I have two lingering but fitful memories from the evening. The first relates to Bob Monkhouse, who hosted the show. I remember discovering that Debbie Barham was writing gags for Bob Monkhouse when he did this kind of gig, by mentioning this event to Debbie at a NewsRevue writers meeting. Debbie was a young, supremely talented comedy writer, whose subsequent tragic story was posthumously written by her dad in this book – click here.
I cannot remember whether Debbie and I had that conversation about Bob before or after the event itself. I do remember that, once we’d had that conversation, I’d get occasional e-mails from Debbie (she, like me, was a relatively early e-mail adopter) asking me for background information, buzz phrases or just something for her to latch onto when she was writing patter for similar commercial events, usually for Monkhouse or another serial awards offender, such as Ned Sherrin or Rory Bremner. Little did I know at that time how obsessive Debbie’s work habits would become and how tragically her situation would end.
But on the Accountancy Awards evening itself, I recall finding Bob Monkhouse’s jokes rather predictable but very professionally served. As was the food.
My second memory relates to George Littlejohn. By good chance, I was placed next to George. He was also an honoured guest, in his case in the capacity of a former editor of Accountancy Age magazine. George had subsequently moved on to bigger and better things; yes that really is possible.
George is a most interesting chap with a very good sense of humour. The latter came in especially handy that evening. There is always something incongruous/pompous about awards ceremonies done “Oscars-style” for matters less glamorous and more mundane than the Oscars. Accountancy Awards, for example, are, in my opinion, just a tad less glamorous and a smidgen more mundane than Oscars.
Perhaps George Littlejohn remembers the evening differently; if so, I hope he chimes in with a comment or three. We’ve kept in touch all these years, our business interests overlapping occasionally, but in any case we always enjoy meeting up. I occasionally run into George at cultural events, as indeed I did on New Years Day 2017 at the Curzon Bloomsbury – click here – which triggered me to write up this 1994 event now.
I particularly recall the last award, Accountant of the Year, being delivered with extreme fanfare, won by a big-haired young woman. Her excellence as an accountant I couldn’t possibly question, but it seemed (to us at least) that she had primarily been chosen for the award because she would utterly look the part in the press photos. In any event, she rapidly got busy, kissing Bob Monkhouse spontaneously, looking elatedly happy and supremely excited about it all. Meanwhile, the flash guns went on firing and the thumping music went on blaring. George and I couldn’t stop giggling for quite some while.

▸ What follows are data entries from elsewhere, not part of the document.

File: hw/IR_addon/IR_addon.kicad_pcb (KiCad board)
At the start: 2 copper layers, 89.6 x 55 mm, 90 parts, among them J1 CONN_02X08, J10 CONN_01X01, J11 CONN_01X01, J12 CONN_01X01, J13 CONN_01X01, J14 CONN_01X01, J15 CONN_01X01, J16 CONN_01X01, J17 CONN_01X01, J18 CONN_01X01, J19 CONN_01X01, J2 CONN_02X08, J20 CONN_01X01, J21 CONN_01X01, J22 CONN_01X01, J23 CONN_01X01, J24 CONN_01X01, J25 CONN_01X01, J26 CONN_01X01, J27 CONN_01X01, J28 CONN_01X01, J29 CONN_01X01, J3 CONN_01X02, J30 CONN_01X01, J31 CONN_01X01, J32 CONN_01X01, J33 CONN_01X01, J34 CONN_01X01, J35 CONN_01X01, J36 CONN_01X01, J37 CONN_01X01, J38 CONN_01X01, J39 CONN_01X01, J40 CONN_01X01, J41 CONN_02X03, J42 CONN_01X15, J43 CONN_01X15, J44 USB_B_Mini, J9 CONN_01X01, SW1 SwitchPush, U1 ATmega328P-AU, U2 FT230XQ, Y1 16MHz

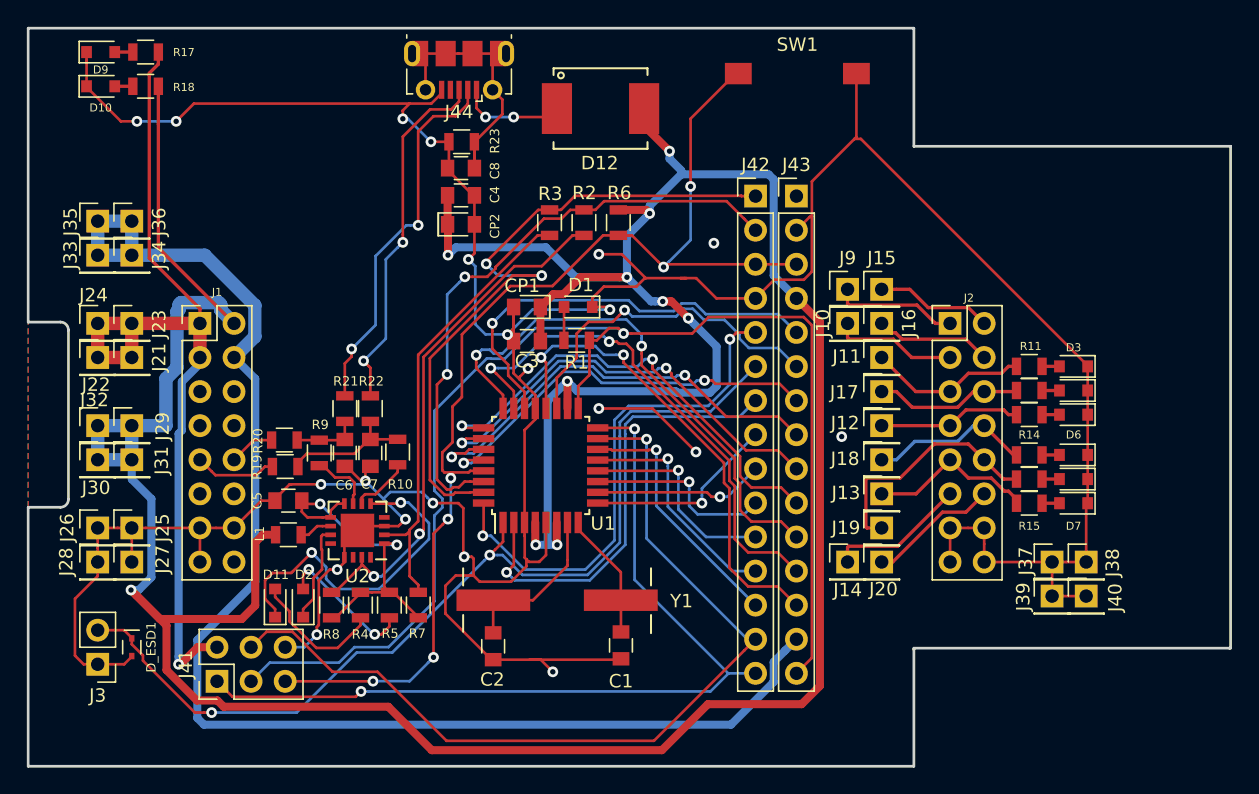
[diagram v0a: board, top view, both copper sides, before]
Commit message: Various fixes in schematics and PCB design
What has been done:

* Replace FT230XQ with FT232RQ
* Adapt schematics to new FTDI chip
* Rearrange texts on F.Mask layer
* Add smaller schottky diode next to usb
* Add load resistor for IR LED
* Move capacitors further from XTAL
* Rearrange overlapping texts on F.Silk layer

Doubts:

* Maybe we should remove uUSB from PCB, since all we are using
  are USB lines from MuxPi. As for now uUSB was never used.

Change-Id: Icd19173fda610c0574442d99b39109bb18bf1090
Signed-off-by: Katarzyna Gorska <k.gorska@samsung.com>
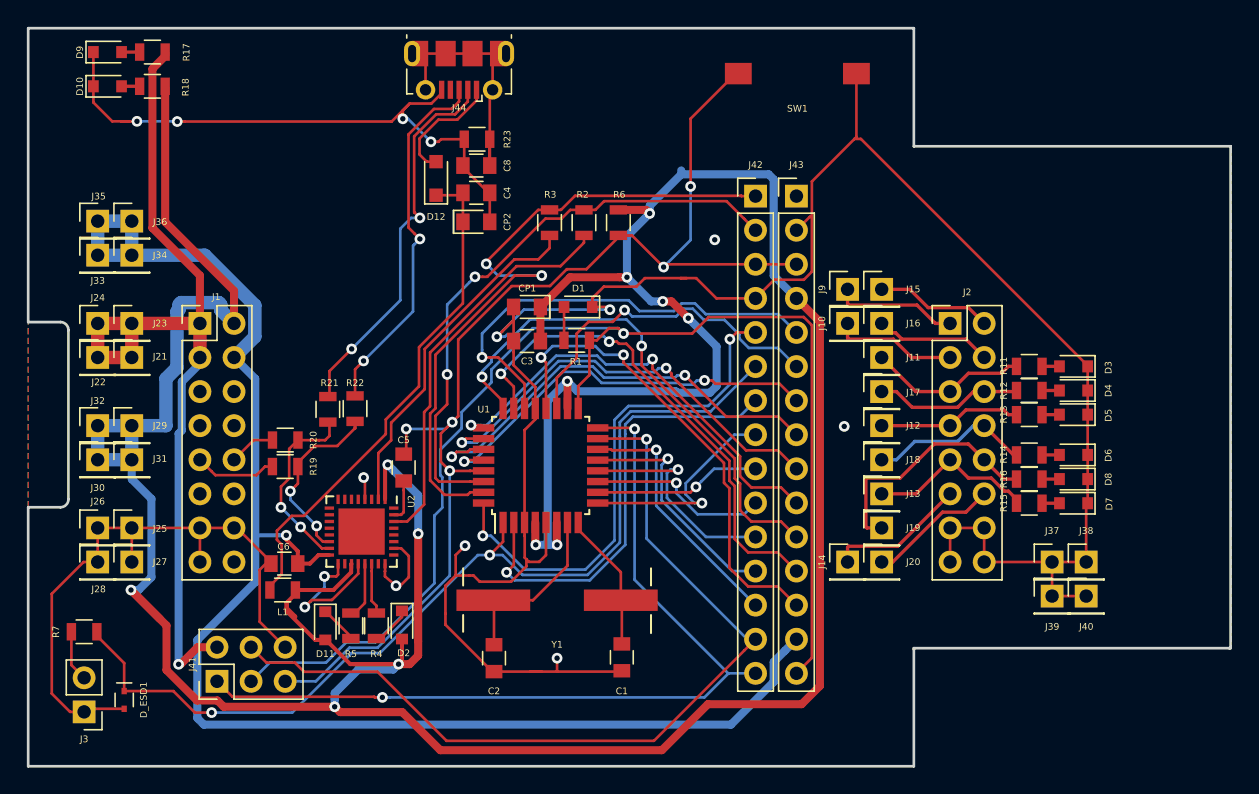
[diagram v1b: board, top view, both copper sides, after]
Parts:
- removed C7: 47pF/50V, Muxpi Addon:C_0805
- removed R10, R9: 27R, Muxpi Addon:R_0805
- removed R8: 10k, Muxpi Addon:R_0805
- C1, C2, C3, C4, C5, C8: footprint Muxpi Addon:C_0805 -> Muxpi_footprints:C_0805
- C6: value 47pF/50V -> 0.1uF; footprint Muxpi Addon:C_0805 -> Muxpi_footprints:C_0805
- CP1, CP2: footprint Muxpi Addon:C_T_0805 -> Muxpi_footprints:C_T_0805
- D1, D10, D11, D3, D4, D5, D6, D7, D8, D9: footprint Diodes_SMD:D_0805 -> Muxpi_footprints:D_0805
- D12: value MBRS410L -> BAT60B; footprint Muxpi Addon:403AC -> Muxpi_footprints:D_SOD-323_HandSoldering
- D2: value KPT-2012SGC -> KPT-2012EC; footprint Diodes_SMD:D_0805 -> Muxpi_footprints:D_0805
- D_ESD1: footprint Muxpi Addon:SOD-523 -> Muxpi_footprints:SOD-523
- J1, J2: footprint Pin_Headers:Pin_Header_Straight_2x08_Pitch2.54mm -> Muxpi_footprints:Pin_Header_Straight_2x08_Pitch2.54mm
- J10, J11, J12, J13, J14, J15, J16, J17, J18, J19, J20, J21, J22, J23, J24, J25, J26, J27, J28, J29, J30, J31, J32, J33, J34, J35, J36, J37, J38, J39, J40, J9: footprint Pin_Headers:Pin_Header_Straight_1x01_Pitch2.54mm -> Muxpi_footprints:Pin_Header_Straight_1x01_Pitch2.54mm
- J3: footprint Pin_Headers:Pin_Header_Straight_1x02_Pitch2.54mm -> Muxpi_footprints:Pin_Header_Straight_1x02_Pitch2.54mm
- J41: footprint Muxpi Addon:Pin_Header_Straight_2x03_Pitch2.54mm -> Muxpi_footprints:Pin_Header_Straight_2x03_Pitch2.54mm
- J42, J43: footprint Muxpi Addon:Pin_Header_Straight_1x15_Pitch2.54mm -> Muxpi_footprints:Pin_Header_Straight_1x15_Pitch2.54mm
- J44: footprint Muxpi Addon:USB_Micro-B_Molex-105017-0001 -> Muxpi_footprints:USB_Micro-B_Molex-105017-0001
- L1, R1, R19, R2, R20, R22, R23, R3, R6: footprint Muxpi Addon:R_0805 -> Muxpi_footprints:R_0805
- R11, R12, R13, R14, R15, R16, R17, R18: footprint Resistors_SMD:R_0805 -> Muxpi_footprints:R_0805
- R21: value 0 -> 330R; footprint Muxpi Addon:R_0805 -> Muxpi_footprints:R_0805
- R4, R5: value 560R -> 330R; footprint Muxpi Addon:R_0805 -> Muxpi_footprints:R_0805
- R7: value 10k -> R; footprint Muxpi Addon:R_0805 -> Muxpi_footprints:R_0805
- SW1: footprint Muxpi Addon:DTSM-3 -> Muxpi_footprints:DTSM-3
- U1: footprint Muxpi Addon:TQFP-32_7x7mm_Pitch0.8mm -> Muxpi_footprints:TQFP-32_7x7mm_Pitch0.8mm
- U2: value FT230XQ -> FT232RQ; footprint Muxpi Addon:QFN-16-1EP_4x4mm_Pitch0.65mm -> Muxpi_footprints:QFN-32-1EP_5x5mm_Pitch0.5mm
- Y1: footprint Muxpi Addon:HC49USM -> Muxpi_footprints:HC49USM
- moved R7 25.0 mm to (73.5, 179.6), turned to 180 degrees
- moved D12 13.3 mm to (99.7, 145.8), turned to 90 degrees
- moved C6 9.40 mm to (88.4, 174.5), turned to 180 degrees
- moved C5 8.94 mm to (97.3, 167.3), turned to 90 degrees
- moved D2 7.55 mm to (97.2, 179.1), turned to 270 degrees
- moved L1 4.14 mm to (88.3, 176.5)
- moved D11 4.10 mm to (91.4, 179.1), turned to 270 degrees
- moved D_ESD1 3.97 mm to (76.5, 184.7)
- moved J3 3.69 mm to (73.5, 185.5)
- moved R5 3.26 mm to (93.3, 179.1)
- moved R4 1.95 mm to (95.2, 179.1)
- moved R21 1.27 mm to (91.6, 163.0), turned to 90 degrees
- moved C4 1.16 mm to (102.7, 146.9)
- moved C8 1.16 mm to (102.7, 144.8)
- moved CP2 1.16 mm to (102.7, 149.0)
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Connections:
- C4 pad 1: VDD -> Net-(C4-Pad1)
- C5 pad 2: GND -> /RESET
- C6 pad 1: Net-(C6-Pad1) -> +3V3
- CP2 pad 1: VDD -> Net-(C4-Pad1)
- D11 pad 2: Net-(D11-Pad2) -> VDD
- D12 pad 1: Net-(D12-Pad1) -> Net-(C4-Pad1)
- D12 pad 2: VDD -> Net-(D12-Pad2)
- D2 pad 2: Net-(D2-Pad2) -> VDD
- J3 pad 2: /D3 -> Net-(J3-Pad2)
- J44 pad 1: Net-(D12-Pad1) -> Net-(D12-Pad2)
- L1 pad 1: Net-(L1-Pad1) -> VDD
- L1 pad 2: VDD -> Net-(C4-Pad1)
- R19 pad 1: Net-(C7-Pad1) -> Net-(R19-Pad1)
- R20 pad 1: Net-(C6-Pad1) -> /USB_B-
- R20 pad 2: /USB_B- -> Net-(R20-Pad2)
- R21 pad 1: /USB_C- -> Net-(R20-Pad2)
- R21 pad 2: Net-(C6-Pad1) -> /USB_C-
- R22 pad 2: Net-(C7-Pad1) -> Net-(R19-Pad1)
- R4 pad 1: Net-(C5-Pad1) -> Net-(R4-Pad1)
- R4 pad 2: Net-(D11-Pad2) -> Net-(D2-Pad1)
- R5 pad 1: Net-(C5-Pad1) -> Net-(R5-Pad1)
- R5 pad 2: Net-(D2-Pad2) -> Net-(D11-Pad1)
- R7 pad 1: /TX -> /D3
- R7 pad 2: Net-(C5-Pad1) -> Net-(J3-Pad2)
- U2 pad 1: Net-(C5-Pad1) -> VDD
- U2 pad 10: Net-(L1-Pad1) -> Net-(U2-Pad10)
- U2 pad 11: Net-(D2-Pad1) -> Net-(U2-Pad11)
- U2 pad 12: Net-(U2-Pad12) -> (no net)
- U2 pad 13: GND -> (no net)
- U2 pad 14: Net-(U2-Pad14) -> Net-(R19-Pad1)
- U2 pad 15: /RX -> Net-(R20-Pad2)
- U2 pad 16: Net-(U2-Pad16) -> +3V3
- U2 pad 3: GND -> Net-(U2-Pad3)
- U2 pad 4: Net-(U2-Pad4) -> GND
- U2 pad 5: Net-(D11-Pad1) -> (no net)
- U2 pad 8: Net-(C5-Pad1) -> Net-(U2-Pad8)
- U2 pad 9: Net-(C5-Pad1) -> Net-(U2-Pad9)
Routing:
- net Net-(C4-Pad1): track 0.00 -> 37.9 mm
- net GND: track 307.9 -> 276.4 mm, vias 21 -> 14
- net Net-(C5-Pad1): track 26.2 -> 3.15 mm, vias 2 -> 0
- net Net-(D11-Pad1): track 25.5 -> 2.82 mm, vias 2 -> 0
- net Net-(R19-Pad1): track 0.00 -> 14.0 mm, vias 0 -> 2
- net Net-(R20-Pad2): track 0.00 -> 13.6 mm, vias 0 -> 2
- net VDD: track 272.2 -> 283.4 mm, vias 10 -> 12
- net Net-(D2-Pad2): track 10.5 -> 0.00 mm, vias 2 -> 0
- net Net-(D11-Pad2): track 10.2 -> 0.00 mm
- net Net-(C7-Pad1): track 9.80 -> 0.00 mm
- net /RX: track 38.8 -> 29.7 mm, vias 2 -> 0
- net Net-(D12-Pad2): track 0.00 -> 8.86 mm
- net Net-(D12-Pad1): track 7.89 -> 0.00 mm, vias 2 -> 0
- net +3V3: track 103.1 -> 110.7 mm, vias 0 -> 1
- net /TX: track 34.0 -> 26.6 mm
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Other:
- board text removed: "SCL"
- board text removed: "SDA"
- board text removed: "UA+"
- board text removed: "UA-"
- board text removed: "UB+"
- board text removed: "UB-"

Still, the event must have been a great success – it is still being held every year, at the same venue I believe – for sure it was again at The Brewery, Chiswell Street in 2016. The event even has its own website and strap line – click here.
So perhaps it’s no surprise that there is no record on-line from the 1994 event; who needs it? As another great George, Santayana in this case, succinctly put it:
Those who cannot remember the past are condemned to repeat it.